— PROVIDED DATA —
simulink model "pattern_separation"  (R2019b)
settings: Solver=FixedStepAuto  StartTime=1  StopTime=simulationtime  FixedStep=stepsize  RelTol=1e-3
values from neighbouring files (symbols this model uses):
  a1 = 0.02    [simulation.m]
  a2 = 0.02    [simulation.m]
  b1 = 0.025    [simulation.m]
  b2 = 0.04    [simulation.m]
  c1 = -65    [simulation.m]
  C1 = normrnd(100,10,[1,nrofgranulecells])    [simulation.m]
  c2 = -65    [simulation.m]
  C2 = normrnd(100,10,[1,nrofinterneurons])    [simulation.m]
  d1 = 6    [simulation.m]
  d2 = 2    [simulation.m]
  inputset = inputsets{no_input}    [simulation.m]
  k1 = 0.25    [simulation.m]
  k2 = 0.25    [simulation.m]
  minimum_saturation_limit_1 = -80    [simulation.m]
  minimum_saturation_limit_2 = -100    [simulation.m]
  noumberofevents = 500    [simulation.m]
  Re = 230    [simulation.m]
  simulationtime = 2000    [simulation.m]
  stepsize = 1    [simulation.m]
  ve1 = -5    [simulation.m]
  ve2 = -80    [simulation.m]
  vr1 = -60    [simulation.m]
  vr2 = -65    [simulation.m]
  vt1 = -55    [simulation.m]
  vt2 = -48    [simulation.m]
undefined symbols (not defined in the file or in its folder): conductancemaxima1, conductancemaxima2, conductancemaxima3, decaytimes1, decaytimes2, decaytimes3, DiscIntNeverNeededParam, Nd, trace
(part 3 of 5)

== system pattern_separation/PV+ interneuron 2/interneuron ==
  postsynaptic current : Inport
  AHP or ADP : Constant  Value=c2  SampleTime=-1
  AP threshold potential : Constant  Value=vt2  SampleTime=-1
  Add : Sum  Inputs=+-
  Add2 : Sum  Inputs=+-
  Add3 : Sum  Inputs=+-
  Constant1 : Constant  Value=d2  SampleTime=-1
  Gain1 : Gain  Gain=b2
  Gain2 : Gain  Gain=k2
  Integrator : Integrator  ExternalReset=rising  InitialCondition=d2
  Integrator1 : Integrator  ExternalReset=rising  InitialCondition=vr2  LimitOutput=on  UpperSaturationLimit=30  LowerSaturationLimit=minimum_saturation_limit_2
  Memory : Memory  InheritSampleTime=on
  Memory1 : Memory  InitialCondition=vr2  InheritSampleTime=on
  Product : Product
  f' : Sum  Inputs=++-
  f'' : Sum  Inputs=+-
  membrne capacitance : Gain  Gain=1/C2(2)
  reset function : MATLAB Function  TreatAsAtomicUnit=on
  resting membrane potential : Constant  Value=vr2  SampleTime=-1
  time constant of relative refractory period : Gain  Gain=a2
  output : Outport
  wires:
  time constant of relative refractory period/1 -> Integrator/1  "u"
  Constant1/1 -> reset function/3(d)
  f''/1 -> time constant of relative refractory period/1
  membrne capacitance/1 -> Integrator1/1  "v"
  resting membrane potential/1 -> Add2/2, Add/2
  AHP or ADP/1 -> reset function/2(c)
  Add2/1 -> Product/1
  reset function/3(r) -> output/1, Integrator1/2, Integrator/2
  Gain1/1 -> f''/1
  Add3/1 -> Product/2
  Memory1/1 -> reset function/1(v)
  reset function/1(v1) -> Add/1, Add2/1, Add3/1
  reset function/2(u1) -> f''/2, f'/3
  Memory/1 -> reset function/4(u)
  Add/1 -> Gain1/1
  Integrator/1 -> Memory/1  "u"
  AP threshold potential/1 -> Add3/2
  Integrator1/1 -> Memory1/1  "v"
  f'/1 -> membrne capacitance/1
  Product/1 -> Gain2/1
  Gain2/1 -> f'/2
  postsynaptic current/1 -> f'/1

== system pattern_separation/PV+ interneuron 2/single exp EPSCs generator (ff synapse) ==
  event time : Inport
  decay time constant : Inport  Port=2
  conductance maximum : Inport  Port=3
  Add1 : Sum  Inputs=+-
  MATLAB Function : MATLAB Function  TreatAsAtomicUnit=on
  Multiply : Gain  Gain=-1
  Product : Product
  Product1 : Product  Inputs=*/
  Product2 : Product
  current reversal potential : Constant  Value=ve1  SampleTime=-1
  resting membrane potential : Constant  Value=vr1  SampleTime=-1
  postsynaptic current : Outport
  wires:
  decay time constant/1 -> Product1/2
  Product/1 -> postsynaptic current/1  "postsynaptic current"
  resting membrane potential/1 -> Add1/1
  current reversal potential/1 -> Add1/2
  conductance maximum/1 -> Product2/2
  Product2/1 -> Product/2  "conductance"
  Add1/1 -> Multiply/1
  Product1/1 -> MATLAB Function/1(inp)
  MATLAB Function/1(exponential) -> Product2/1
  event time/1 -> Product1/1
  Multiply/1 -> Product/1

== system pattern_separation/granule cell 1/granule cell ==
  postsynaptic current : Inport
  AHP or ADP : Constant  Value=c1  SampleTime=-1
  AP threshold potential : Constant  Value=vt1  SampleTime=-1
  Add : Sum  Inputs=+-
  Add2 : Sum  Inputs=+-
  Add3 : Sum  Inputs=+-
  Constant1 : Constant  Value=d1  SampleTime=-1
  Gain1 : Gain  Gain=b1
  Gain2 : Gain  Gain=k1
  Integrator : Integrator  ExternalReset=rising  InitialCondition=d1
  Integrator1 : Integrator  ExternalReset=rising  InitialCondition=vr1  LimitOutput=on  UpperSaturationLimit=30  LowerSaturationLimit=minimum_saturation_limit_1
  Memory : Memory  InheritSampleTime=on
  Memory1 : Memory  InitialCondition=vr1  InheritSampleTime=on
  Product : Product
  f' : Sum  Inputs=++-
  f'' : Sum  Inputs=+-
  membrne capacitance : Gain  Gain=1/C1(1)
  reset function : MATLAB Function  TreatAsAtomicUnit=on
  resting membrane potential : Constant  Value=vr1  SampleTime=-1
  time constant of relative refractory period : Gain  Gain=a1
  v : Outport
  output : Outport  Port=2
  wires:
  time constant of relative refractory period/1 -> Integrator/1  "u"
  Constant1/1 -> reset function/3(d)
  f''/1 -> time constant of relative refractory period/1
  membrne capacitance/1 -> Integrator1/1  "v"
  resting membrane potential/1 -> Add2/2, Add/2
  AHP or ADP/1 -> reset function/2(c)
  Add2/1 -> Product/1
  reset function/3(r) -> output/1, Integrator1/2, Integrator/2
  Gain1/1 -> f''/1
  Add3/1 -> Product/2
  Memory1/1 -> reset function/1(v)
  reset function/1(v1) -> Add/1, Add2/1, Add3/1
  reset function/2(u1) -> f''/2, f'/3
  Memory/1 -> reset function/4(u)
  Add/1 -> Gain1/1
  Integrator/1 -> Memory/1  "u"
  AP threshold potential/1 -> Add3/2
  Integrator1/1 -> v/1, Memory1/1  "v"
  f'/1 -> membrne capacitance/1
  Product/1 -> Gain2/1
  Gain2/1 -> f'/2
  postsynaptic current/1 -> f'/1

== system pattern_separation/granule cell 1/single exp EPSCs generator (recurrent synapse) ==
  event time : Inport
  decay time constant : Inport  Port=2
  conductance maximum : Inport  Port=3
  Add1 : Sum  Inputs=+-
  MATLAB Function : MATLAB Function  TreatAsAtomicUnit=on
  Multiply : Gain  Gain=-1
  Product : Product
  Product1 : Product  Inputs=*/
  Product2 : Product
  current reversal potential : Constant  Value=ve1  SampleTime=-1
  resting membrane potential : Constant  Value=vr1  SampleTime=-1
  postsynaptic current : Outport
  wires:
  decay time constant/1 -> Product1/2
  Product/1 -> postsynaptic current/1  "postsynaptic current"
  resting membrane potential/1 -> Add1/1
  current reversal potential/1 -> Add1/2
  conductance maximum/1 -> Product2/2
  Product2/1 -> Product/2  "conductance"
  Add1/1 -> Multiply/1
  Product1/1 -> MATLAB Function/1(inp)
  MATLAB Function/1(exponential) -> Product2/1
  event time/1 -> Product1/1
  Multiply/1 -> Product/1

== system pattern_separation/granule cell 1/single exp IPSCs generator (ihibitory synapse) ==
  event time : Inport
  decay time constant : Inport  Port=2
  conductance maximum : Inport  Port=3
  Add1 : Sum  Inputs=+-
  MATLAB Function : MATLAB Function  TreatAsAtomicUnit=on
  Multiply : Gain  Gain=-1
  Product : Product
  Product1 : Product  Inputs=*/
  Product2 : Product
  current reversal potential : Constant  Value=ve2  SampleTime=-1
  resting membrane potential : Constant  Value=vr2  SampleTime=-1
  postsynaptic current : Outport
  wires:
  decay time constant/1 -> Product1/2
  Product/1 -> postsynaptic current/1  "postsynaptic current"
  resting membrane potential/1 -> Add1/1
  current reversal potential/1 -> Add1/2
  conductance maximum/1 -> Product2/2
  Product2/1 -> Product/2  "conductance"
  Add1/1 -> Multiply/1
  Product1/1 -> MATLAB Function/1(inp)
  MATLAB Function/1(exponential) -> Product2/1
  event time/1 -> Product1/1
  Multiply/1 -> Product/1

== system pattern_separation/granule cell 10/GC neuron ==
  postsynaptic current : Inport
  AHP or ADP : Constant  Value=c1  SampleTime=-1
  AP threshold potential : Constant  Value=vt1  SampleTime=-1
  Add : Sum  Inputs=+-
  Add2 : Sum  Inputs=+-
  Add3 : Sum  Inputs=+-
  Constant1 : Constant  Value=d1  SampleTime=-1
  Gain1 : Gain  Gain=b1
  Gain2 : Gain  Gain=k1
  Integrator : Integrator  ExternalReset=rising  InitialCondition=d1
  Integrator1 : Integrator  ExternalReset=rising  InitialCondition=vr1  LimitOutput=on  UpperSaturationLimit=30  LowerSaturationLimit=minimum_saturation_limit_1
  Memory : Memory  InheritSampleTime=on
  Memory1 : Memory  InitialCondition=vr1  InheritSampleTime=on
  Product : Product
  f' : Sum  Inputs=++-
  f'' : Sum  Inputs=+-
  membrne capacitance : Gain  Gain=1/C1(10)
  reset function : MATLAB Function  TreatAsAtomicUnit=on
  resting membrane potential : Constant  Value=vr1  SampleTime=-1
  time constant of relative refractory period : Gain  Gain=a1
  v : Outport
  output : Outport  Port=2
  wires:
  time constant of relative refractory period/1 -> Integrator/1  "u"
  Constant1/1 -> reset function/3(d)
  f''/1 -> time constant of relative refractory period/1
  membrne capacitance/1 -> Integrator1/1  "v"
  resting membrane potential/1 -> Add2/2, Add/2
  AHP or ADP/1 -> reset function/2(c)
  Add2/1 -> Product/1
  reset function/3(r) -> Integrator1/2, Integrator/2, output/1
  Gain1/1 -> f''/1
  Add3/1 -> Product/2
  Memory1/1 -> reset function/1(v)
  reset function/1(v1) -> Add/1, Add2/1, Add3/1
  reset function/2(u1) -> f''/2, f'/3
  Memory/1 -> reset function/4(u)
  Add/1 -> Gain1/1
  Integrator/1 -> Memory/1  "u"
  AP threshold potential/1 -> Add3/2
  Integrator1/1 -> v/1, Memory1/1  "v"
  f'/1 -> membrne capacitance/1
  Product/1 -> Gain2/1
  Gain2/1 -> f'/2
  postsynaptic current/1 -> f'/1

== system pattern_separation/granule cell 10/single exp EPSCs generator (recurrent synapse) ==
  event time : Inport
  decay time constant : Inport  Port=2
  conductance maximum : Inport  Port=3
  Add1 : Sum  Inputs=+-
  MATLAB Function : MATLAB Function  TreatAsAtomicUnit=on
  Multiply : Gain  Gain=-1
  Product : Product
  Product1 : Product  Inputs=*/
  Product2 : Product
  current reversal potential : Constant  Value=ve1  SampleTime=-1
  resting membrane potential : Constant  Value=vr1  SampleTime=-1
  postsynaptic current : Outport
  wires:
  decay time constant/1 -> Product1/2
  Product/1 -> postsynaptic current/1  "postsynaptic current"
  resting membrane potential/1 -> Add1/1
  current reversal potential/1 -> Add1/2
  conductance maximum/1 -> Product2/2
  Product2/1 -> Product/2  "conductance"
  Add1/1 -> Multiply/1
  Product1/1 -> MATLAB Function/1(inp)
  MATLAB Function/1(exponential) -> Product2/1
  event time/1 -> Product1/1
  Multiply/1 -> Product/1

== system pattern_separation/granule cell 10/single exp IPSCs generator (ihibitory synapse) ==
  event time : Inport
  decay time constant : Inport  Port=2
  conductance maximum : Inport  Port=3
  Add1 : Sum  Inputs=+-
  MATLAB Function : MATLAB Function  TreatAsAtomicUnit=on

— YOUR OBJECTIVE —
All lines from the opening of the listing above through the line that contains "simulationtime = 2000" should be given again exactly, and nothing more.

— OUTPUT —
simulink model "pattern_separation"  (R2019b)
settings: Solver=FixedStepAuto  StartTime=1  StopTime=simulationtime  FixedStep=stepsize  RelTol=1e-3
values from neighbouring files (symbols this model uses):
  a1 = 0.02    [simulation.m]
  a2 = 0.02    [simulation.m]
  b1 = 0.025    [simulation.m]
  b2 = 0.04    [simulation.m]
  c1 = -65    [simulation.m]
  C1 = normrnd(100,10,[1,nrofgranulecells])    [simulation.m]
  c2 = -65    [simulation.m]
  C2 = normrnd(100,10,[1,nrofinterneurons])    [simulation.m]
  d1 = 6    [simulation.m]
  d2 = 2    [simulation.m]
  inputset = inputsets{no_input}    [simulation.m]
  k1 = 0.25    [simulation.m]
  k2 = 0.25    [simulation.m]
  minimum_saturation_limit_1 = -80    [simulation.m]
  minimum_saturation_limit_2 = -100    [simulation.m]
  noumberofevents = 500    [simulation.m]
  Re = 230    [simulation.m]
  simulationtime = 2000    [simulation.m]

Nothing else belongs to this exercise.